→ Supplied material
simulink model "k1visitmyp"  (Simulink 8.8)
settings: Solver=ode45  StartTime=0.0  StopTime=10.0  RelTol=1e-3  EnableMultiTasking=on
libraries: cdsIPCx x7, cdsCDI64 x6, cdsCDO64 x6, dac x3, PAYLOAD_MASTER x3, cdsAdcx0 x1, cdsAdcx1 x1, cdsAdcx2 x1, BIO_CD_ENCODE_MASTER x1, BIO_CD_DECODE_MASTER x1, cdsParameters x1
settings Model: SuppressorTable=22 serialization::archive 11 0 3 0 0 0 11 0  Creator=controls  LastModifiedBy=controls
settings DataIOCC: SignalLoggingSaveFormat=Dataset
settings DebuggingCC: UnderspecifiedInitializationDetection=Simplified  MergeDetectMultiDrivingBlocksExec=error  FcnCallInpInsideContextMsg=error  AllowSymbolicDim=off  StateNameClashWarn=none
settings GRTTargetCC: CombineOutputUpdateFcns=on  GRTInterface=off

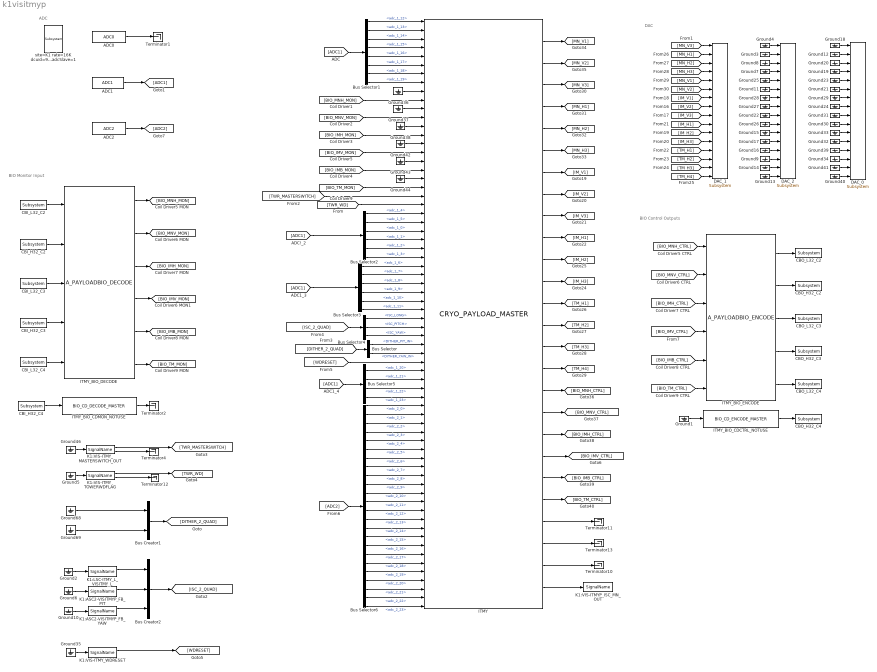
== system k1visitmyp ==
  note: BIO Monitor Input
  note: BIO Control Outputs
  note: DAC
  note: ADC
  ADC0 : cdsAdcx0/ADC0  Tag=cdsAdc  Description=|
      | type-GSC_16AI64SSA
      | card_num=0
      settings: AttributesFormatString=%<Description>\n%<Tag>
  ADC1 : cdsAdcx1/ADC1  Tag=cdsAdc  Description=|
      | type-GSC_16AI64SSA
      | card_num=1
      settings: AttributesFormatString=%<Description>\n%<Tag>
  ADC2 : cdsAdcx2/ADC2  Tag=cdsAdc  Description=|
      | type-GSC_16AI64SSA
      | card_num=2
      settings: AttributesFormatString=%<Description>\n%<Tag>
  Bus Creator1 : BusCreator  Inputs='DITHER_PIT_IN','DITHER_YAW_IN'
  Bus Creator2 : BusCreator  Inputs='ISC_LONG','ISC_PITCH','ISC_YAW'
  Bus Selector : BusSelector  OutputSignals=DITHER_PIT_IN,DITHER_YAW_IN
  Bus Selector1 : BusSelector  OutputSignals=adc_1_12,adc_1_13,adc_1_14,adc_1_15,adc_1_16,adc_1_17,adc_1_18,adc_1_19
  Bus Selector2 : BusSelector  OutputSignals=adc_1_4,adc_1_5,adc_1_0,adc_1_1,adc_1_2,adc_1_3
  Bus Selector3 : BusSelector  OutputSignals=adc_1_6,adc_1_7,adc_1_8,adc_1_9,adc_1_10,adc_1_11
  Bus Selector4 : BusSelector  OutputSignals=ISC_LONG,ISC_PITCH,ISC_YAW
  Bus Selector5 : BusSelector  OutputSignals=adc_1_20,adc_1_21,adc_1_22,adc_1_23
  Bus Selector6 : BusSelector  OutputSignals=adc_2_0,adc_2_1,adc_2_2,adc_2_3,adc_2_4,adc_2_5,adc_2_6,adc_2_7,adc_2_8,adc_2_9,adc_2_10,adc_2_11,adc_2_12,adc_2_13,adc_2_14,adc_2_15,adc_2_16,adc_2_17,adc_2_18,adc_2_19,adc_2_20,adc_2_21,adc_2_22,adc_2_23
  CBI_H32_C2 : cdsCDI64/Subsystem  Tag=cdsCDI64  Description=card_num=5
      settings: AttributesFormatString=%<Tag>\n%<Description>
  CBI_H32_C3 : cdsCDI64/Subsystem  Tag=cdsCDI64  Description=card_num=7
      settings: AttributesFormatString=%<Tag>\n%<Description>
  CBI_H32_C4 : cdsCDI64/Subsystem  Tag=cdsCDI64  Description=card_num=9
      settings: AttributesFormatString=%<Tag>\n%<Description>
  CBI_L32_C2 : cdsCDI64/Subsystem  Tag=cdsCDI64  Description=card_num=4
      settings: AttributesFormatString=%<Tag>\n%<Description>
  CBI_L32_C3 : cdsCDI64/Subsystem  Tag=cdsCDI64  Description=card_num=6
      settings: AttributesFormatString=%<Tag>\n%<Description>
  CBI_L32_C4 : cdsCDI64/Subsystem  Tag=cdsCDI64  Description=card_num=8
      settings: AttributesFormatString=%<Tag>\n%<Description>
  CBO_H32_C2 : cdsCDO64/Subsystem  Tag=cdsCDO64  Description=card_num=5
      settings: AttributesFormatString=%<Tag>\n%<Description>
  CBO_H32_C3 : cdsCDO64/Subsystem  Tag=cdsCDO64  Description=card_num=7
      settings: AttributesFormatString=%<Tag>\n%<Description>
  CBO_H32_C4 : cdsCDO64/Subsystem  Tag=cdsCDO64  Description=card_num=9
      settings: AttributesFormatString=%<Tag>\n%<Description>
  CBO_L32_C2 : cdsCDO64/Subsystem  Tag=cdsCDO64  Description=card_num=4
      settings: AttributesFormatString=%<Tag>\n%<Description>
  CBO_L32_C3 : cdsCDO64/Subsystem  Tag=cdsCDO64  Description=card_num=6
      settings: AttributesFormatString=%<Tag>\n%<Description>
  CBO_L32_C4 : cdsCDO64/Subsystem  Tag=cdsCDO64  Description=card_num=8
      settings: AttributesFormatString=%<Tag>\n%<Description>
  DAC_0 : dac/Subsystem  Description=|
      | type=GSC_16AO16,
      | card_num=0
      settings: AttributesFormatString=%<Description>
  DAC_1 : dac/Subsystem  Description=|
      | type=GSC_16AO16,
      | card_num=1
      settings: AttributesFormatString=%<Description>
  DAC_2 : dac/Subsystem  Description=|
      | type=GSC_16AO16,
      | card_num=2
      settings: AttributesFormatString=%<Description>
  Ground{1..44,46,68..69} (47 alike) : Ground
  ITMY : PAYLOAD_MASTER/CRYO_PAYLOAD_MASTER
  ITMY_BIO_CDCTRL_NOTUSE : BIO_CD_ENCODE_MASTER/BIO_CD_ENCODE_MASTER
  ITMY_BIO_CDMON_NOTUSE : BIO_CD_DECODE_MASTER/BIO_CD_DECODE_MASTER
  ITMY_BIO_DECODE : PAYLOAD_MASTER/A_PAYLOADBIO_DECODE
  ITMY_BIO_ENCODE : PAYLOAD_MASTER/A_PAYLOADBIO_ENCODE
  K1:ASC2-VISITMYP_FB_PIT : cdsIPCx/SignalName  Tag=cdsIPCx_RFM  Description=card=1
      settings: AttributesFormatString=%<Description>\n%<Tag>
  K1:ASC2-VISITMYP_FB_YAW : cdsIPCx/SignalName  Tag=cdsIPCx_RFM  Description=card=1
      settings: AttributesFormatString=%<Description>\n%<Tag>
  K1:LSC-ITMY_L_VISITMY_L : cdsIPCx/SignalName  Tag=cdsIPCx_RFM  Description=card=1
      settings: AttributesFormatString=%<Description>\n%<Tag>
  K1:VIS-ITMYP_ISC_MN_OUT : cdsIPCx/SignalName  Tag=cdsIPCx_SHMEM  Description=Inter-Process Communication via Shared memory.
      settings: AttributesFormatString=%<Tag>
  K1:VIS-ITMY_MASTERSWITCH_OUT : cdsIPCx/SignalName  Tag=cdsIPCx_SHMEM  Description=Inter-Process Communication via Shared memory.
      settings: AttributesFormatString=%<Tag>
  K1:VIS-ITMY_TOWERWDFLAG : cdsIPCx/SignalName  Tag=cdsIPCx_SHMEM  Description=Inter-Process Communication via Shared memory.
      settings: AttributesFormatString=%<Tag>
  K1:VIS-ITMY_WDRESET : cdsIPCx/SignalName  Tag=cdsIPCx_SHMEM  Description=Inter-Process Communication via Shared memory.
      settings: AttributesFormatString=%<Tag>
  Terminator{1..2,4,10..13} (7 alike) : Terminator
  site=K1 rate=16K dcuid=98 host=k1iy1 specific_cpu=3 adcSlave=1 : cdsParameters/Subsystem  Tag=cdsParameters  Description=|
      | Purpose:                                                                                                                                                                                                                                
      | Provide system parameters to the FE code generator to properly configure the generated EPICS names, rep rate of the FE controller, and the Data Acquisition node ID for proper storage of data from this FE controller.                 
      |                                                                                                                                                                                                                                         
      | Useage:                                                                                                                                                                                                                                 
      | The part NAME field is used to identify the FE parameters. It must be of the form:                                                                                                                                                      
      | site=                                                                                                                                                                                                                                   
      | rate=                                                                                                                                                                                                                                   
      | dcuid=                                                                                                                                                                                                                                  
      |                                                                                                                                                                                                                                         
      | Where:                                                                                                                                                                                                                                  
      | site= argument may be H1, H2, L1, M1, G1, either as a single argument or multiple, for example site=H1,H2. These are the only names allowed. These will become the first two characters of all EPICS and signal names (for example G1:).
      |                                                                                                                                                                                                                                         
      | rate= may be 2K, 16K, 32K, or 64K                                                                                                                                                                                                       
      |                                                                                                                                                                                                                                         
      | dcuid= is site specific ie it must be unique at each site.
      settings: AttributesFormatString=%<Tag>
  wires:
  ADC1/1 -> [ADC1]
  [MN_V3] -> DAC_1/1
  [MN_H1] -> DAC_1/2
  [MN_H2] -> DAC_1/3
  [MN_H3] -> DAC_1/4
  [MN_V1] -> DAC_1/5
  [MN_V2] -> DAC_1/6
  [IM_V1] -> DAC_1/7
  [IM_V2] -> DAC_1/8
  [IM_V3] -> DAC_1/9
  [IM_H1] -> DAC_1/10
  [TM_H1] -> DAC_1/13
  [TM_H4] -> DAC_1/16
  [TM_H3] -> DAC_1/15
  [TM_H2] -> DAC_1/14
  [IM_H2] -> DAC_1/11
  [IM_H3] -> DAC_1/12
  [BIO_MNH_CTRL] -> ITMY_BIO_ENCODE/1
  ITMY_BIO_ENCODE/1 -> CBO_L32_C2/1
  [BIO_MNV_CTRL] -> ITMY_BIO_ENCODE/2
  ITMY_BIO_ENCODE/2 -> CBO_H32_C2/1
  [BIO_IMH_CTRL] -> ITMY_BIO_ENCODE/3
  ITMY_BIO_ENCODE/3 -> CBO_L32_C3/1
  [BIO_IMB_CTRL] -> ITMY_BIO_ENCODE/5
  ITMY_BIO_ENCODE/4 -> CBO_H32_C3/1
  [BIO_TM_CTRL] -> ITMY_BIO_ENCODE/6
  ITMY_BIO_ENCODE/5 -> CBO_L32_C4/1
  Ground1/1 -> ITMY_BIO_CDCTRL_NOTUSE/1
  ITMY_BIO_CDCTRL_NOTUSE/1 -> CBO_H32_C4/1
  CBI_L32_C2/1 -> ITMY_BIO_DECODE/1
  ITMY_BIO_DECODE/1 -> [BIO_MNH_MON]
  CBI_H32_C2/1 -> ITMY_BIO_DECODE/2
  ITMY_BIO_DECODE/2 -> [BIO_MNV_MON]
  CBI_L32_C3/1 -> ITMY_BIO_DECODE/3
  ITMY_BIO_DECODE/3 -> [BIO_IMH_MON]
  ITMY_BIO_DECODE/5 -> [BIO_IMB_MON]
  CBI_L32_C4/1 -> ITMY_BIO_DECODE/5
  ITMY_BIO_DECODE/6 -> [BIO_TM_MON]
  CBI_H32_C4/1 -> ITMY_BIO_CDMON_NOTUSE/1
  ITMY_BIO_CDMON_NOTUSE/1 -> Terminator2/1
  Ground4/1 -> DAC_2/1
  Ground3/1 -> DAC_2/2
  Ground8/1 -> DAC_2/3
  Ground7/1 -> DAC_2/4
  Ground25/1 -> DAC_2/5
  Ground11/1 -> DAC_2/6
  Ground28/1 -> DAC_2/7
  Ground27/1 -> DAC_2/8
  Ground22/1 -> DAC_2/9
  Ground26/1 -> DAC_2/10
  Ground15/1 -> DAC_2/11
  Ground17/1 -> DAC_2/12
  Ground16/1 -> DAC_2/13
  Ground9/1 -> DAC_2/14
  Ground14/1 -> DAC_2/15
  Ground13/1 -> DAC_2/16
  CBI_H32_C3/1 -> ITMY_BIO_DECODE/4
  [ADC1] -> Bus Selector1/1
  K1:VIS-ITMY_TOWERWDFLAG/2 -> Terminator12/1
  Ground5/1 -> K1:VIS-ITMY_TOWERWDFLAG/1
  ADC0/1 -> Terminator1/1
  Ground18/1 -> DAC_0/1
  Ground12/1 -> DAC_0/2
  Ground19/1 -> DAC_0/4
  Ground20/1 -> DAC_0/3
  Ground29/1 -> DAC_0/7
  Ground23/1 -> DAC_0/5
  Ground21/1 -> DAC_0/6
  Ground24/1 -> DAC_0/8
  Ground31/1 -> DAC_0/9
  Ground30/1 -> DAC_0/10
  Ground33/1 -> DAC_0/11
  Ground32/1 -> DAC_0/12
  Ground39/1 -> DAC_0/13
  Ground34/1 -> DAC_0/14
  Ground41/1 -> DAC_0/15
  Ground40/1 -> DAC_0/16
  Ground46/1 -> K1:VIS-ITMY_MASTERSWITCH_OUT/1
  K1:VIS-ITMY_MASTERSWITCH_OUT/2 -> Terminator4/1
  Ground36/1 -> ITMY/9
  [BIO_MNH_MON] -> ITMY/10
  Ground37/1 -> ITMY/11
  [BIO_MNV_MON] -> ITMY/12
  Ground38/1 -> ITMY/13
  [BIO_IMH_MON] -> ITMY/14
  Ground43/1 -> ITMY/17
  [BIO_IMB_MON] -> ITMY/18
  Ground44/1 -> ITMY/19
  [BIO_TM_MON] -> ITMY/20
  ITMY/2 -> [MN_V2]
  ITMY/1 -> [MN_V1]
  ITMY/3 -> [MN_V3]
  ITMY/4 -> [MN_H1]
  ITMY/5 -> [MN_H2]
  ITMY/6 -> [MN_H3]
  ITMY/7 -> [IM_V1]
  ITMY/8 -> [IM_V2]
  ITMY/9 -> [IM_V3]
  ITMY/10 -> [IM_H1]
  ITMY/11 -> [IM_H2]
  ITMY/12 -> [IM_H3]
  ITMY/13 -> [TM_H1]
  ITMY/14 -> [TM_H2]
  ITMY/15 -> [TM_H3]
  ITMY/19 -> [BIO_IMH_CTRL]
  ITMY/18 -> [BIO_MNV_CTRL]
  ITMY/17 -> [BIO_MNH_CTRL]
  ITMY/16 -> [TM_H4]
  ITMY/21 -> [BIO_IMB_CTRL]
  ITMY/22 -> [BIO_TM_CTRL]
  Bus Selector1/1 -> ITMY/1  "<adc_1_12>"
  Bus Selector1/2 -> ITMY/2  "<adc_1_13>"
  Bus Selector1/3 -> ITMY/3  "<adc_1_14>"
  Bus Selector1/4 -> ITMY/4  "<adc_1_15>"
  Bus Selector1/5 -> ITMY/5  "<adc_1_16>"
  Bus Selector1/6 -> ITMY/6  "<adc_1_17>"
  Bus Selector1/7 -> ITMY/7  "<adc_1_18>"
  Bus Selector1/8 -> ITMY/8  "<adc_1_19>"
  K1:VIS-ITMY_TOWERWDFLAG/1 -> [TWR_WD]
  K1:VIS-ITMY_MASTERSWITCH_OUT/1 -> [TWR_MASTERSWITCH]
  [TWR_MASTERSWITCH] -> ITMY/21
  [TWR_WD] -> ITMY/22
  [ADC1] -> Bus Selector2/1
  Bus Selector2/1 -> ITMY/23  "<adc_1_4>"
  Bus Selector2/2 -> ITMY/24  "<adc_1_5>"
  Bus Selector2/3 -> ITMY/25  "<adc_1_0>"
  Bus Selector2/4 -> ITMY/26  "<adc_1_1>"
  Bus Selector2/5 -> ITMY/27  "<adc_1_2>"
  Bus Selector2/6 -> ITMY/28  "<adc_1_3>"
  [ADC1] -> Bus Selector3/1
  Bus Selector3/1 -> ITMY/29  "<adc_1_6>"
  Bus Selector3/2 -> ITMY/30  "<adc_1_7>"
  Bus Selector3/3 -> ITMY/31  "<adc_1_8>"
  Bus Selector3/4 -> ITMY/32  "<adc_1_9>"
  Bus Selector3/5 -> ITMY/33  "<adc_1_10>"
  Bus Selector3/6 -> ITMY/34  "<adc_1_11>"
  [DITHER_2_QUAD] -> Bus Selector/1
  [ISC_2_QUAD] -> Bus Selector4/1
  Bus Selector4/1 -> ITMY/35  "<ISC_LONG>"
  Bus Selector4/2 -> ITMY/36  "<ISC_PITCH>"
  Bus Selector4/3 -> ITMY/37  "<ISC_YAW>"
  [WDRESET] -> ITMY/40
  Bus Selector/1 -> ITMY/38  "<DITHER_PIT_IN>"
  Bus Selector/2 -> ITMY/39  "<DITHER_YAW_IN>"
  [ADC1] -> Bus Selector5/1
  Bus Selector5/1 -> ITMY/41  "<adc_1_20>"
  Bus Selector5/2 -> ITMY/42  "<adc_1_21>"
  Bus Selector5/3 -> ITMY/43  "<adc_1_22>"
  Bus Selector5/4 -> ITMY/44  "<adc_1_23>"
  [ADC2] -> Bus Selector6/1
  Bus Selector6/1 -> ITMY/45  "<adc_2_0>"
  Bus Selector6/2 -> ITMY/46  "<adc_2_1>"
  Bus Selector6/3 -> ITMY/47  "<adc_2_2>"
  Bus Selector6/4 -> ITMY/48  "<adc_2_3>"
  Bus Selector6/5 -> ITMY/49  "<adc_2_4>"
  Bus Selector6/6 -> ITMY/50  "<adc_2_5>"
  Bus Selector6/7 -> ITMY/51  "<adc_2_6>"
  Bus Selector6/8 -> ITMY/52  "<adc_2_7>"
  Bus Selector6/9 -> ITMY/53  "<adc_2_8>"
  Bus Selector6/10 -> ITMY/54  "<adc_2_9>"
  Bus Selector6/11 -> ITMY/55  "<adc_2_10>"
  Bus Selector6/12 -> ITMY/56  "<adc_2_11>"
  Bus Selector6/13 -> ITMY/57  "<adc_2_12>"
  Bus Selector6/14 -> ITMY/58  "<adc_2_13>"
  Bus Selector6/15 -> ITMY/59  "<adc_2_14>"
  Bus Selector6/16 -> ITMY/60  "<adc_2_15>"
  Bus Selector6/17 -> ITMY/61  "<adc_2_16>"
  Bus Selector6/18 -> ITMY/62  "<adc_2_17>"
  Bus Selector6/19 -> ITMY/63  "<adc_2_18>"
  Bus Selector6/20 -> ITMY/64  "<adc_2_19>"
  Bus Selector6/21 -> ITMY/65  "<adc_2_20>"
  Bus Selector6/22 -> ITMY/66  "<adc_2_21>"
  Bus Selector6/23 -> ITMY/67  "<adc_2_22>"
  Bus Selector6/24 -> ITMY/68  "<adc_2_23>"
  Ground6/1 -> K1:ASC2-VISITMYP_FB_PIT/1
  Ground10/1 -> K1:ASC2-VISITMYP_FB_YAW/1
  Ground2/1 -> K1:LSC-ITMY_L_VISITMY_L/1
  Bus Creator1/1 -> [DITHER_2_QUAD]
  Bus Creator2/1 -> [ISC_2_QUAD]
  K1:LSC-ITMY_L_VISITMY_L/1 -> Bus Creator2/1
  K1:ASC2-VISITMYP_FB_PIT/1 -> Bus Creator2/2
  K1:ASC2-VISITMYP_FB_YAW/1 -> Bus Creator2/3
  Ground68/1 -> Bus Creator1/1
  Ground69/1 -> Bus Creator1/2
  Ground35/1 -> K1:VIS-ITMY_WDRESET/1
  K1:VIS-ITMY_WDRESET/1 -> [WDRESET]
  ITMY/23 -> Terminator11/1
  ITMY/24 -> Terminator13/1
  ITMY/26 -> K1:VIS-ITMYP_ISC_MN_OUT/1
  ITMY/25 -> Terminator10/1
  ITMY/20 -> [BIO_IMV_CTRL]
  [BIO_IMV_CTRL] -> ITMY_BIO_ENCODE/4
  Ground42/1 -> ITMY/15
  [BIO_IMV_MON] -> ITMY/16
  ITMY_BIO_DECODE/4 -> [BIO_IMV_MON]
  ADC2/1 -> [ADC2]

→ What is needed
Please return the lines above that run from the line containing "Ground27/1 -> DAC_2/8" to the line containing "Bus Selector2/5 ->", inclusive, exactly and with no other lines.

→ Task response
  Ground27/1 -> DAC_2/8
  Ground22/1 -> DAC_2/9
  Ground26/1 -> DAC_2/10
  Ground15/1 -> DAC_2/11
  Ground17/1 -> DAC_2/12
  Ground16/1 -> DAC_2/13
  Ground9/1 -> DAC_2/14
  Ground14/1 -> DAC_2/15
  Ground13/1 -> DAC_2/16
  CBI_H32_C3/1 -> ITMY_BIO_DECODE/4
  [ADC1] -> Bus Selector1/1
  K1:VIS-ITMY_TOWERWDFLAG/2 -> Terminator12/1
  Ground5/1 -> K1:VIS-ITMY_TOWERWDFLAG/1
  ADC0/1 -> Terminator1/1
  Ground18/1 -> DAC_0/1
  Ground12/1 -> DAC_0/2
  Ground19/1 -> DAC_0/4
  Ground20/1 -> DAC_0/3
  Ground29/1 -> DAC_0/7
  Ground23/1 -> DAC_0/5
  Ground21/1 -> DAC_0/6
  Ground24/1 -> DAC_0/8
  Ground31/1 -> DAC_0/9
  Ground30/1 -> DAC_0/10
  Ground33/1 -> DAC_0/11
  Ground32/1 -> DAC_0/12
  Ground39/1 -> DAC_0/13
  Ground34/1 -> DAC_0/14
  Ground41/1 -> DAC_0/15
  Ground40/1 -> DAC_0/16
  Ground46/1 -> K1:VIS-ITMY_MASTERSWITCH_OUT/1
  K1:VIS-ITMY_MASTERSWITCH_OUT/2 -> Terminator4/1
  Ground36/1 -> ITMY/9
  [BIO_MNH_MON] -> ITMY/10
  Ground37/1 -> ITMY/11
  [BIO_MNV_MON] -> ITMY/12
  Ground38/1 -> ITMY/13
  [BIO_IMH_MON] -> ITMY/14
  Ground43/1 -> ITMY/17
  [BIO_IMB_MON] -> ITMY/18
  Ground44/1 -> ITMY/19
  [BIO_TM_MON] -> ITMY/20
  ITMY/2 -> [MN_V2]
  ITMY/1 -> [MN_V1]
  ITMY/3 -> [MN_V3]
  ITMY/4 -> [MN_H1]
  ITMY/5 -> [MN_H2]
  ITMY/6 -> [MN_H3]
  ITMY/7 -> [IM_V1]
  ITMY/8 -> [IM_V2]
  ITMY/9 -> [IM_V3]
  ITMY/10 -> [IM_H1]
  ITMY/11 -> [IM_H2]
  ITMY/12 -> [IM_H3]
  ITMY/13 -> [TM_H1]
  ITMY/14 -> [TM_H2]
  ITMY/15 -> [TM_H3]
  ITMY/19 -> [BIO_IMH_CTRL]
  ITMY/18 -> [BIO_MNV_CTRL]
  ITMY/17 -> [BIO_MNH_CTRL]
  ITMY/16 -> [TM_H4]
  ITMY/21 -> [BIO_IMB_CTRL]
  ITMY/22 -> [BIO_TM_CTRL]
  Bus Selector1/1 -> ITMY/1  "<adc_1_12>"
  Bus Selector1/2 -> ITMY/2  "<adc_1_13>"
  Bus Selector1/3 -> ITMY/3  "<adc_1_14>"
  Bus Selector1/4 -> ITMY/4  "<adc_1_15>"
  Bus Selector1/5 -> ITMY/5  "<adc_1_16>"
  Bus Selector1/6 -> ITMY/6  "<adc_1_17>"
  Bus Selector1/7 -> ITMY/7  "<adc_1_18>"
  Bus Selector1/8 -> ITMY/8  "<adc_1_19>"
  K1:VIS-ITMY_TOWERWDFLAG/1 -> [TWR_WD]
  K1:VIS-ITMY_MASTERSWITCH_OUT/1 -> [TWR_MASTERSWITCH]
  [TWR_MASTERSWITCH] -> ITMY/21
  [TWR_WD] -> ITMY/22
  [ADC1] -> Bus Selector2/1
  Bus Selector2/1 -> ITMY/23  "<adc_1_4>"
  Bus Selector2/2 -> ITMY/24  "<adc_1_5>"
  Bus Selector2/3 -> ITMY/25  "<adc_1_0>"
  Bus Selector2/4 -> ITMY/26  "<adc_1_1>"
  Bus Selector2/5 -> ITMY/27  "<adc_1_2>"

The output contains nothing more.